Childlike, maybe, but I have this idea that decades in medicine, medical school, residency, ACP qualifications, continuing education, and QC by his large medical group might, just might, have resulted in his knowing more than I could learn from a little internet research, random anecdotes, and consultation with SGOTI. I don't need him to justify his opinions to me, though I do expect and get discussion of tradeoffs where I have questions or where significant tradeoffs exist.
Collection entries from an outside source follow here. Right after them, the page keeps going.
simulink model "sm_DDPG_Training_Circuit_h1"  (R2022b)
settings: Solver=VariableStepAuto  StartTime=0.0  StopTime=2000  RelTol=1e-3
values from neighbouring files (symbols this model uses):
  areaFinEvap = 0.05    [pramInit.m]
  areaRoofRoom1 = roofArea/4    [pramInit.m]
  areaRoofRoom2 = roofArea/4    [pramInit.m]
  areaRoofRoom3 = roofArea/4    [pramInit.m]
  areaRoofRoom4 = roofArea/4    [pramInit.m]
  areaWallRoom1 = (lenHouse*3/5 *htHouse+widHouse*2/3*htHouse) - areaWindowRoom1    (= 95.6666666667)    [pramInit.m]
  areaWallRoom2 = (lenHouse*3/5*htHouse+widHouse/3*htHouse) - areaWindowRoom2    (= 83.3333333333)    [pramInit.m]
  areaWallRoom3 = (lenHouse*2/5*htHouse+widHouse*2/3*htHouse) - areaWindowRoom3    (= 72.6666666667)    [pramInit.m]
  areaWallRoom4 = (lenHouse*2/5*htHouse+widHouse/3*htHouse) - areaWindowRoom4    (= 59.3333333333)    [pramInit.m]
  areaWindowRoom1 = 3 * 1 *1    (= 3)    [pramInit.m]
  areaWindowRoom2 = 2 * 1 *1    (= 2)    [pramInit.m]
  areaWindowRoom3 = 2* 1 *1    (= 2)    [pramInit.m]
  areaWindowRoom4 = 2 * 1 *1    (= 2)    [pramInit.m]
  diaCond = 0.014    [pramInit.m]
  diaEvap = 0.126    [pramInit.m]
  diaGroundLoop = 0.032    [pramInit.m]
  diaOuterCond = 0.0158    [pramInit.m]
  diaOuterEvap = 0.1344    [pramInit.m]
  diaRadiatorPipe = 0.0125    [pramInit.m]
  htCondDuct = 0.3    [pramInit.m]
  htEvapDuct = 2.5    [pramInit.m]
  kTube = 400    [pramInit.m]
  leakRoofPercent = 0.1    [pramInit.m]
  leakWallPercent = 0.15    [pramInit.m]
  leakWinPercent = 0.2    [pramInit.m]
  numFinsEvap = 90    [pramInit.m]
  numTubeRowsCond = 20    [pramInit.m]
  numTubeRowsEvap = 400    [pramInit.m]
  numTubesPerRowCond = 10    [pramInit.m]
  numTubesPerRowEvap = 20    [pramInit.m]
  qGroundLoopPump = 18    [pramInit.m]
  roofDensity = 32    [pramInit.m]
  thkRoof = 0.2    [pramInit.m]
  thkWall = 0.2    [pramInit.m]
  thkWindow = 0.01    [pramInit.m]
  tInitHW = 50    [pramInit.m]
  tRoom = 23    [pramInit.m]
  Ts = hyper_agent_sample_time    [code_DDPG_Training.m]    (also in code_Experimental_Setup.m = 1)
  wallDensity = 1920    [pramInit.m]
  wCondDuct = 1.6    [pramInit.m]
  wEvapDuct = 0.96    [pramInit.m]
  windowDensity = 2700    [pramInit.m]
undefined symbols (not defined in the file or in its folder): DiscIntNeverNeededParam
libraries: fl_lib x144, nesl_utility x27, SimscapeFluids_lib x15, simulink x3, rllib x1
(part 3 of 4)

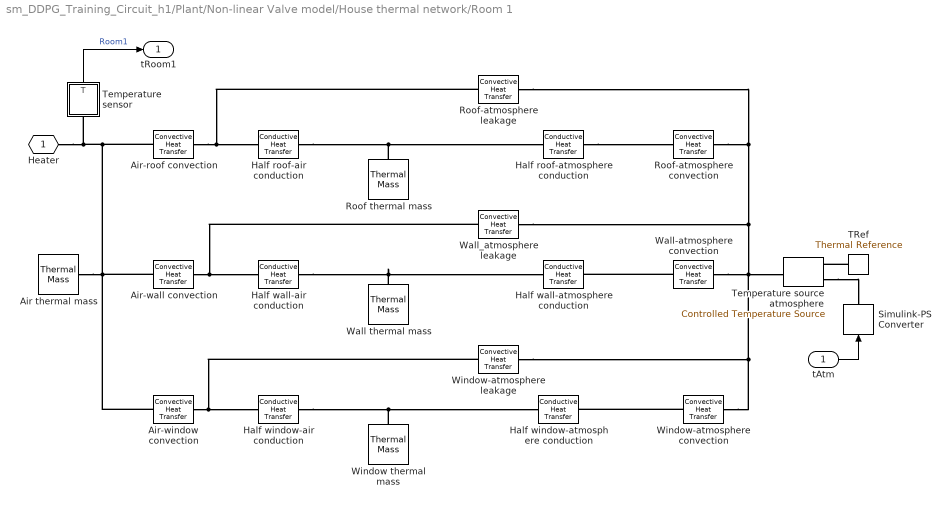
== system sm_DDPG_Training_Circuit_h1/Plant/Non-linear Valve model/House thermal network/Room 1 ==
  tAtm : Inport
  Air thermal mass : fl_lib/Thermal/Thermal Elements/Thermal Mass  mass=50 kg  sp_heat=cAir J/(K*kg)  num_ports=foundation.enum.numPorts2.one  T_specify=on  T_priority=Low  T=tRoom degC  T_nominal_specify=off  T_nominal_unit=K  T_nominal_value=1  Q_specify=off  Q_priority=High  Q=0 J/s  Q_nominal_specify=off  Q_nominal_unit=W  Q_nominal_value=1
  Air-roof convection : fl_lib/Thermal/Thermal Elements/Convective Heat Transfer  thermal_type=foundation.enum.constant_variable.constant  area=areaRoofRoom1 m^2  heat_tr_coeff=hAirRoof W/(m^2*K)  min_heat_tr_coeff=1e-3 W/(K*m^2)  T_specify=off  T_priority=None  T=0 K  T_nominal_specify=off  T_nominal_unit=K  T_nominal_value=1  Q_specify=off  Q_priority=None  Q=0 J/s  Q_nominal_specify=off  Q_nominal_unit=W  Q_nominal_value=1
  Air-wall convection : fl_lib/Thermal/Thermal Elements/Convective Heat Transfer  thermal_type=foundation.enum.constant_variable.constant  area=areaWallRoom1 m^2  heat_tr_coeff=hAirWall W/(m^2*K)  min_heat_tr_coeff=1e-3 W/(K*m^2)  T_specify=off  T_priority=None  T=0 K  T_nominal_specify=off  T_nominal_unit=K  T_nominal_value=1  Q_specify=off  Q_priority=None  Q=0 J/s  Q_nominal_specify=off  Q_nominal_unit=W  Q_nominal_value=1
  Air-window convection : fl_lib/Thermal/Thermal Elements/Convective Heat Transfer  thermal_type=foundation.enum.constant_variable.constant  area=areaWindowRoom1 m^2  heat_tr_coeff=hAirWindow W/(m^2*K)  min_heat_tr_coeff=1e-3 W/(K*m^2)  T_specify=off  T_priority=None  T=0 K  T_nominal_specify=off  T_nominal_unit=K  T_nominal_value=1  Q_specify=off  Q_priority=None  Q=0 J/s  Q_nominal_specify=off  Q_nominal_unit=W  Q_nominal_value=1
  Half roof-air conduction : fl_lib/Thermal/Thermal Elements/Conductive Heat Transfer  thermal_type=foundation.enum.ConstantVariableTabulated.Constant  wall_geometry=foundation.enum.ConductionWallGeometry.Planar  area=areaRoofRoom1 m^2  thickness=thkRoof/2 m  d_in=0.05 m  d_out=0.1 m  L=1 m  th_cond_min=10 W/(K*m)  th_cond=kRoof W/(m*K)  th_cond_TLU=[413, 401, 392, 383, 371, 357, 342] W/(K*m)  temp_TLU=[200, 273, 400, 600, 800, 1000, 1200] K  T_specify=off  T_priority=None  T=0 K  T_nominal_specify=off  T_nominal_unit=K  T_nominal_value=1  Q_specify=off  Q_priority=None  Q=0 J/s  Q_nominal_specify=off  Q_nominal_unit=W  Q_nominal_value=1
  Half roof-atmosphere conduction : fl_lib/Thermal/Thermal Elements/Conductive Heat Transfer  thermal_type=foundation.enum.ConstantVariableTabulated.Constant  wall_geometry=foundation.enum.ConductionWallGeometry.Planar  area=areaRoofRoom1 m^2  thickness=thkRoof/2 m  d_in=0.05 m  d_out=0.1 m  L=1 m  th_cond_min=10 W/(K*m)  th_cond=kRoof W/(m*K)  th_cond_TLU=[413, 401, 392, 383, 371, 357, 342] W/(K*m)  temp_TLU=[200, 273, 400, 600, 800, 1000, 1200] K  T_specify=off  T_priority=None  T=0 K  T_nominal_specify=off  T_nominal_unit=K  T_nominal_value=1  Q_specify=off  Q_priority=None  Q=0 J/s  Q_nominal_specify=off  Q_nominal_unit=W  Q_nominal_value=1
  Half wall-air conduction : fl_lib/Thermal/Thermal Elements/Conductive Heat Transfer  thermal_type=foundation.enum.ConstantVariableTabulated.Constant  wall_geometry=foundation.enum.ConductionWallGeometry.Planar  area=areaWallRoom1 m^2  thickness=thkWall/2 m  d_in=0.05 m  d_out=0.1 m  L=1 m  th_cond_min=10 W/(K*m)  th_cond=kWall W/(m*K)  th_cond_TLU=[413, 401, 392, 383, 371, 357, 342] W/(K*m)  temp_TLU=[200, 273, 400, 600, 800, 1000, 1200] K  T_specify=off  T_priority=None  T=0 K  T_nominal_specify=off  T_nominal_unit=K  T_nominal_value=1  Q_specify=off  Q_priority=None  Q=0 J/s  Q_nominal_specify=off  Q_nominal_unit=W  Q_nominal_value=1
  Half wall-atmosphere conduction : fl_lib/Thermal/Thermal Elements/Conductive Heat Transfer  thermal_type=foundation.enum.ConstantVariableTabulated.Constant  wall_geometry=foundation.enum.ConductionWallGeometry.Planar  area=areaWallRoom1 m^2  thickness=thkWall/2 m  d_in=0.05 m  d_out=0.1 m  L=1 m  th_cond_min=10 W/(K*m)  th_cond=kWall W/(m*K)  th_cond_TLU=[413, 401, 392, 383, 371, 357, 342] W/(K*m)  temp_TLU=[200, 273, 400, 600, 800, 1000, 1200] K  T_specify=off  T_priority=None  T=0 K  T_nominal_specify=off  T_nominal_unit=K  T_nominal_value=1  Q_specify=off  Q_priority=None  Q=0 J/s  Q_nominal_specify=off  Q_nominal_unit=W  Q_nominal_value=1
  Half window-air conduction : fl_lib/Thermal/Thermal Elements/Conductive Heat Transfer  thermal_type=foundation.enum.ConstantVariableTabulated.Constant  wall_geometry=foundation.enum.ConductionWallGeometry.Planar  area=areaWindowRoom1 m^2  thickness=thkWindow/2 m  d_in=0.05 m  d_out=0.1 m  L=1 m  th_cond_min=10 W/(K*m)  th_cond=kWindow W/(m*K)  th_cond_TLU=[413, 401, 392, 383, 371, 357, 342] W/(K*m)  temp_TLU=[200, 273, 400, 600, 800, 1000, 1200] K  T_specify=off  T_priority=None  T=0 K  T_nominal_specify=off  T_nominal_unit=K  T_nominal_value=1  Q_specify=off  Q_priority=None  Q=0 J/s  Q_nominal_specify=off  Q_nominal_unit=W  Q_nominal_value=1
  Half window-atmosphere conduction : fl_lib/Thermal/Thermal Elements/Conductive Heat Transfer  thermal_type=foundation.enum.ConstantVariableTabulated.Constant  wall_geometry=foundation.enum.ConductionWallGeometry.Planar  area=areaWindowRoom1 m^2  thickness=thkWindow/2 m  d_in=0.05 m  d_out=0.1 m  L=1 m  th_cond_min=10 W/(K*m)  th_cond=kWindow W/(m*K)  th_cond_TLU=[413, 401, 392, 383, 371, 357, 342] W/(K*m)  temp_TLU=[200, 273, 400, 600, 800, 1000, 1200] K  T_specify=off  T_priority=None  T=0 K  T_nominal_specify=off  T_nominal_unit=K  T_nominal_value=1  Q_specify=off  Q_priority=None  Q=0 J/s  Q_nominal_specify=off  Q_nominal_unit=W  Q_nominal_value=1
  Roof thermal mass : fl_lib/Thermal/Thermal Elements/Thermal Mass  mass=areaRoofRoom1*thkRoof*roofDensity kg  sp_heat=cRoof J/(K*kg)  num_ports=foundation.enum.numPorts2.one  T_specify=on  T_priority=Low  T=tRoom degC  T_nominal_specify=off  T_nominal_unit=K  T_nominal_value=1  Q_specify=off  Q_priority=None  Q=0 J/s  Q_nominal_specify=off  Q_nominal_unit=W  Q_nominal_value=1
  Roof-atmosphere convection : fl_lib/Thermal/Thermal Elements/Convective Heat Transfer  thermal_type=foundation.enum.constant_variable.constant  area=areaRoofRoom1 m^2  heat_tr_coeff=hRoofAtm W/(m^2*K)  min_heat_tr_coeff=1e-3 W/(K*m^2)  T_specify=off  T_priority=None  T=0 K  T_nominal_specify=off  T_nominal_unit=K  T_nominal_value=1  Q_specify=off  Q_priority=None  Q=0 J/s  Q_nominal_specify=off  Q_nominal_unit=W  Q_nominal_value=1
  Roof-atmosphere leakage : fl_lib/Thermal/Thermal Elements/Convective Heat Transfer  thermal_type=foundation.enum.constant_variable.constant  area=areaRoofRoom1*leakRoofPercent m^2  heat_tr_coeff=hRoofAtm W/(m^2*K)  min_heat_tr_coeff=1e-3 W/(K*m^2)  T_specify=off  T_priority=None  T=0 K  T_nominal_specify=off  T_nominal_unit=K  T_nominal_value=1  Q_specify=off  Q_priority=None  Q=0 J/s  Q_nominal_specify=off  Q_nominal_unit=W  Q_nominal_value=1
  Simulink-PS Converter : nesl_utility/Simulink-PS Converter  PhysicalDomain=network_engine_domain  SubClassName=ps_input  LeftPortType=input  RightPortType=output  PseudoPeriodic=off  Frequencies=[]  NoiseDistribution=none  NoiseParameters=[]  Unit=degC  AffineConversion=on  FilteringAndDerivatives=zero  SimscapeFilterOrder=1  InputFilterTimeConstant=.001  UdotUserProvided=1
  TRef : fl_lib/Thermal/Thermal Elements/Thermal Reference
  Temperature source atmosphere : fl_lib/Thermal/Thermal Sources/Controlled Temperature Source
  Temperature sensor : Subsystem
  Wall thermal mass : fl_lib/Thermal/Thermal Elements/Thermal Mass  mass=areaWallRoom1 * thkWall * wallDensity kg  sp_heat=cWall J/(K*kg)  num_ports=foundation.enum.numPorts2.one  T_specify=on  T_priority=Low  T=tRoom degC  T_nominal_specify=off  T_nominal_unit=K  T_nominal_value=1  Q_specify=off  Q_priority=Low  Q=0 J/s  Q_nominal_specify=off  Q_nominal_unit=W  Q_nominal_value=1
  Wall-atmosphere convection : fl_lib/Thermal/Thermal Elements/Convective Heat Transfer  thermal_type=foundation.enum.constant_variable.constant  area=areaWallRoom1 m^2  heat_tr_coeff=hWallAtm W/(m^2*K)  min_heat_tr_coeff=1e-3 W/(K*m^2)  T_specify=off  T_priority=None  T=0 K  T_nominal_specify=off  T_nominal_unit=K  T_nominal_value=1  Q_specify=off  Q_priority=None  Q=0 J/s  Q_nominal_specify=off  Q_nominal_unit=W  Q_nominal_value=1
  Wall_atmosphere leakage : fl_lib/Thermal/Thermal Elements/Convective Heat Transfer  thermal_type=foundation.enum.constant_variable.constant  area=areaWallRoom1*leakWallPercent m^2  heat_tr_coeff=hWallAtm W/(m^2*K)  min_heat_tr_coeff=1e-3 W/(K*m^2)  T_specify=off  T_priority=None  T=0 K  T_nominal_specify=off  T_nominal_unit=K  T_nominal_value=1  Q_specify=off  Q_priority=None  Q=0 J/s  Q_nominal_specify=off  Q_nominal_unit=W  Q_nominal_value=1
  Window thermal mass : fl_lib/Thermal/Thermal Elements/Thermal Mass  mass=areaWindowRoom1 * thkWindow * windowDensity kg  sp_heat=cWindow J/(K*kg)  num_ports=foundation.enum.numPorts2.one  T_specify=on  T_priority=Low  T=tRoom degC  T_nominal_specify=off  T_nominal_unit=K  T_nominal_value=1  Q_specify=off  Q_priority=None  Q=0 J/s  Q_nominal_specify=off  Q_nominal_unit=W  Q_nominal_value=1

WADR, sometimes you guys crack me up. :)
That would be fine if science (medicine) was a settled concept. We learn more and more every day and to think a doctor can keep up with all of it with the patient loads they have today is not realistic. Further, to think that the medical profession (doctors and heath system administrators) are not significantly influenced by the pharmaceutical industry would be naive. I don’t think I know more than them, but I do consider myself an equal (maybe more) partner in my healthcare and I do question pretty much everything that enters my body. I also look for what lifestyle changes I can make rather than taking a medication. You can’t blame doctors for favoring medication given the average American lifestyle and eating habits but about 15 years ago, I started doing my best to do better.
 
You can’t blame doctors for favoring medication given the average American lifestyle and eating habits but about 15 years ago, I started doing my best to do better.
So, don't take a statin. We all make personal decisions regarding what path we wish to follow regarding proposed medical treatments and you've made yours. You don't need consensual validation for this kind of personal decision.